Still, my wife was shaken. I could say, “It’s a foolish person who likes being mean, don’t worry about it,” but the victim can’t toss off the assault so easily – especially not when the victim is as kind a person as my wife, who hasn’t a predatory bone in her body.

Indeed, she would later try to find reasons these people acted that way. Many of the women would present themselves as exemplars of motherhood, of the standard my wife had (they insisted) failed to reach. Some would make a big point of saying they had only one or two children, so they could give them the attention they deserved. They had planned rationally while my wife had been careless or self-indulgent.

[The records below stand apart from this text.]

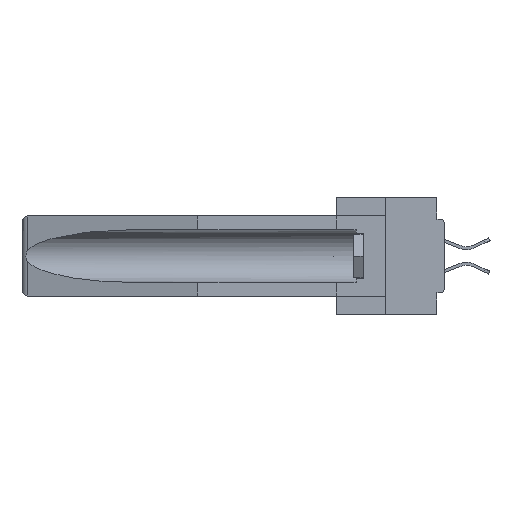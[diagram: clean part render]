
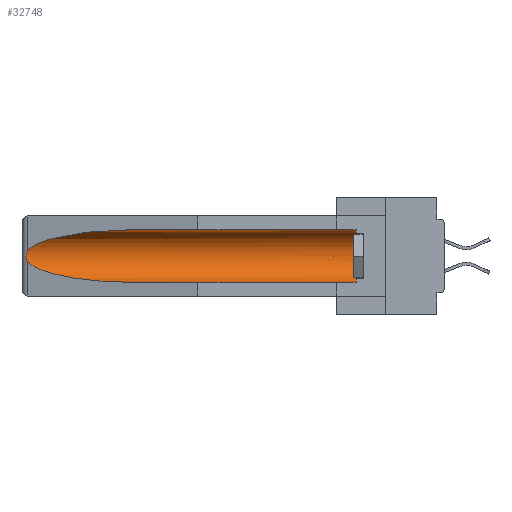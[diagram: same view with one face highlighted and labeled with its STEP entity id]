
A CAD part, left-side view. The second image highlights one B-rep face of the part: STEP entity #32748.
In plain terms, the highlighted cylindrical face has radius 2.857 mm (diameter 5.715 mm), a partial arc.
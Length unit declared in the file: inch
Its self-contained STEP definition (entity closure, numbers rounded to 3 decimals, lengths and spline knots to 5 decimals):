
#338 = EDGE_CURVE ( 'NONE', #24689, #9938, #40287, .T. ) ;
#1301 = ORIENTED_EDGE ( 'NONE', *, *, #338, .T. ) ;
#1887 = EDGE_CURVE ( 'NONE', #15440, #40846, #4483, .T. ) ;
#2340 = CARTESIAN_POINT ( 'NONE',  ( 0.2673, 1.53269, -0.17917 ) ) ;
#3036 = VERTEX_POINT ( 'NONE', #16278 ) ;
#3175 = LINE ( 'NONE', #21650, #5502 ) ;
#4483 = CIRCLE ( 'NONE', #46054, 0.1125 ) ;
#5141 = CARTESIAN_POINT ( 'NONE',  ( 0.26537, 1.52718, -0.19328 ) ) ;
#5502 = VECTOR ( 'NONE', #36770, 39.37008 ) ;
#5873 = EDGE_CURVE ( 'NONE', #15440, #3036, #3175, .T. ) ;
#6550 = ORIENTED_EDGE ( 'NONE', *, *, #5873, .F. ) ;
#6741 = DIRECTION ( 'NONE',  ( 0., 0., 1. ) ) ;
#7762 = ORIENTED_EDGE ( 'NONE', *, *, #39279, .T. ) ;
#7839 = CARTESIAN_POINT ( 'NONE',  ( 0.26537, 1.52718, -0.14972 ) ) ;
#9634 = CARTESIAN_POINT ( 'NONE',  ( 0.26597, 1.52961, -0.15275 ) ) ;
#9796 = CARTESIAN_POINT ( 'NONE',  ( 0.2675, 1.53308, -0.16763 ) ) ;
#9938 = VERTEX_POINT ( 'NONE', #7839 ) ;
#10153 = DIRECTION ( 'NONE',  ( 0., -1., 0. ) ) ;
#10266 = CARTESIAN_POINT ( 'NONE',  ( 0.2675, 1.53308, -0.17534 ) ) ;
#10832 = B_SPLINE_CURVE_WITH_KNOTS ( 'NONE', 3,
 ( #25017, #9634, #32516, #17256, #9796, #10266, #2340, #35786, #28580, #24537 ),
 .UNSPECIFIED., .F., .F.,
 ( 4, 2, 2, 2, 4 ),
 ( 0., 0.00029, 0.00058, 0.00087, 0.00117 ),
 .UNSPECIFIED. ) ;
#12816 = FACE_OUTER_BOUND ( 'NONE', #41790, .T. ) ;
#15057 = CARTESIAN_POINT ( 'NONE',  ( 0.26537, 1.52718, -0.19328 ) ) ;
#15440 = VERTEX_POINT ( 'NONE', #35477 ) ;
#16278 = CARTESIAN_POINT ( 'NONE',  ( 0.155, 1.07973, -0.284 ) ) ;
#16841 = ORIENTED_EDGE ( 'NONE', *, *, #29560, .T. ) ;
#16848 = DIRECTION ( 'NONE',  ( 0., 0., 1. ) ) ;
#17223 = CARTESIAN_POINT ( 'NONE',  ( 0.155, -0.30754, -0.059 ) ) ;
#17256 = CARTESIAN_POINT ( 'NONE',  ( 0.2673, 1.5327, -0.16383 ) ) ;
#17412 = EDGE_CURVE ( 'NONE', #9938, #45272, #10832, .T. ) ;
#17483 = CYLINDRICAL_SURFACE ( 'NONE', #45957, 0.1125 ) ;
#20580 = DIRECTION ( 'NONE',  ( 0., 1., 0. ) ) ;
#21650 = CARTESIAN_POINT ( 'NONE',  ( 0.155, -0.30754, -0.284 ) ) ;
#21681 = VECTOR ( 'NONE', #20580, 39.37008 ) ;
#23981 = DIRECTION ( 'NONE',  ( 0., 1., 0. ) ) ;
#24011 = CARTESIAN_POINT ( 'NONE',  ( 0.155, 0.126, -0.059 ) ) ;
#24537 = CARTESIAN_POINT ( 'NONE',  ( 0.26537, 1.52718, -0.19328 ) ) ;
#24689 = VERTEX_POINT ( 'NONE', #34783 ) ;
#25017 = CARTESIAN_POINT ( 'NONE',  ( 0.26537, 1.52718, -0.14972 ) ) ;
#25759 = ORIENTED_EDGE ( 'NONE', *, *, #17412, .T. ) ;
#26959 = ORIENTED_EDGE ( 'NONE', *, *, #1887, .T. ) ;
#28580 = CARTESIAN_POINT ( 'NONE',  ( 0.26597, 1.5296, -0.19026 ) ) ;
#29560 = EDGE_CURVE ( 'NONE', #45272, #3036, #44698, .T. ) ;
#30300 = CARTESIAN_POINT ( 'NONE',  ( 0.25451, 1.48313, -0.09465 ) ) ;
#31055 = CARTESIAN_POINT ( 'NONE',  ( 0.21114, 1.30732, -0.284 ) ) ;
#31560 = LINE ( 'NONE', #17223, #21681 ) ;
#32516 = CARTESIAN_POINT ( 'NONE',  ( 0.26654, 1.53092, -0.15636 ) ) ;
#32748 = ADVANCED_FACE ( 'NONE', ( #12816 ), #17483, .F. ) ;
#34783 = CARTESIAN_POINT ( 'NONE',  ( 0.155, 1.07973, -0.059 ) ) ;
#35180 = CARTESIAN_POINT ( 'NONE',  ( 0.155, 1.07973, -0.284 ) ) ;
#35477 = CARTESIAN_POINT ( 'NONE',  ( 0.155, 0.126, -0.284 ) ) ;
#35786 = CARTESIAN_POINT ( 'NONE',  ( 0.26655, 1.53094, -0.18657 ) ) ;
#36770 = DIRECTION ( 'NONE',  ( 0., 1., 0. ) ) ;
#37673 = CARTESIAN_POINT ( 'NONE',  ( 0.155, 1.07973, -0.059 ) ) ;
#39133 = CARTESIAN_POINT ( 'NONE',  ( 0.155, -0.30754, -0.1715 ) ) ;
#39279 = EDGE_CURVE ( 'NONE', #40846, #24689, #31560, .T. ) ;
#40287 =( BOUNDED_CURVE ( )  B_SPLINE_CURVE ( 3, ( #37673, #41397, #30300, #44636 ),
 .UNSPECIFIED., .F., .F. ) 
 B_SPLINE_CURVE_WITH_KNOTS ( ( 4, 4 ),
 ( 4.71239, 6.08839 ),
 .UNSPECIFIED. ) 
 CURVE ( )  GEOMETRIC_REPRESENTATION_ITEM ( )  RATIONAL_B_SPLINE_CURVE ( ( 1., 0.848, 0.848, 1. ) ) 
 REPRESENTATION_ITEM ( '' )  );
#40846 = VERTEX_POINT ( 'NONE', #24011 ) ;
#41397 = CARTESIAN_POINT ( 'NONE',  ( 0.21114, 1.30732, -0.059 ) ) ;
#41790 = EDGE_LOOP ( 'NONE', ( #1301, #25759, #16841, #6550, #26959, #7762 ) ) ;
#44636 = CARTESIAN_POINT ( 'NONE',  ( 0.26537, 1.52718, -0.14972 ) ) ;
#44698 =( BOUNDED_CURVE ( )  B_SPLINE_CURVE ( 3, ( #5141, #45864, #31055, #35180 ),
 .UNSPECIFIED., .F., .F. ) 
 B_SPLINE_CURVE_WITH_KNOTS ( ( 4, 4 ),
 ( 0.1948, 1.5708 ),
 .UNSPECIFIED. ) 
 CURVE ( )  GEOMETRIC_REPRESENTATION_ITEM ( )  RATIONAL_B_SPLINE_CURVE ( ( 1., 0.848, 0.848, 1. ) ) 
 REPRESENTATION_ITEM ( '' )  );
#45272 = VERTEX_POINT ( 'NONE', #15057 ) ;
#45864 = CARTESIAN_POINT ( 'NONE',  ( 0.25451, 1.48313, -0.24835 ) ) ;
#45957 = AXIS2_PLACEMENT_3D ( 'NONE', #39133, #23981, #16848 ) ;
#46054 = AXIS2_PLACEMENT_3D ( 'NONE', #47640, #10153, #6741 ) ;
#47640 = CARTESIAN_POINT ( 'NONE',  ( 0.155, 0.126, -0.1715 ) ) ;

My wife, being kind, wondered if they acted the way they did because they felt sad or guilty that they hadn’t had more children. She thought this in part because sometimes other older women would tell her wistfully they wished they’d had more children, but they didn’t realize it at the time, or (heartbreakingly common) their husband wouldn’t let them.

An ambiguous institution

Everyone criticizes mothers. People must have criticized the Blessed Virgin. You hope they had the chance to repent. You can hear them saying, “You mean he was…so she was…? Oh heck, I feel so bad I was so mean to her.”

But here’s the thing: You shouldn’t have to bear the Son of God to get a break.

It’s a complicated question why mothers go through life, at least until their children are grown, with a target on their backs. But they do, and some of them seem to be the hunters’ favorites.

The Blessed Virgin was certainly one of them, as Pezzulo suggests. Her radiant goodness would not have protected her. It may have attracted more predators. That means she knows what other mothers endure.

“Through my motherhood, I have learned that pain, pride, cruelty and callousness are infinite, that as a mother I will suffer infinitely and I will suffer alone,” Pezzulo writes. But, “Through the Mother of Sorrows, I am learning other truths.”

I am learning that the pain of motherhood is infinite, but the grace of the Cross is eternal, and the eternal is greater than the infinite. The shame of motherhood is infinite, but the love is eternal, and the eternal swallows up the infinite. Iniquity is infinite, but the mercy of God is eternal and in His mercy, we find the grace to overcome the infinite. Infinity is real, and nothing can take away that truth. But someday, Infinity will bow to Eternity. I am a mother, and all generations shall call a mother blessed. First, though, comes the Cross.

Mary’s been there. She accompanied her son on the via dolorosa, while herself almost certainly enduring mockery, judgment, and red-faced, righteous hatred from the mob.

Everyone criticizes mothers. In Mary, mothers have a companion, yes, but also someone who points them to their redemption.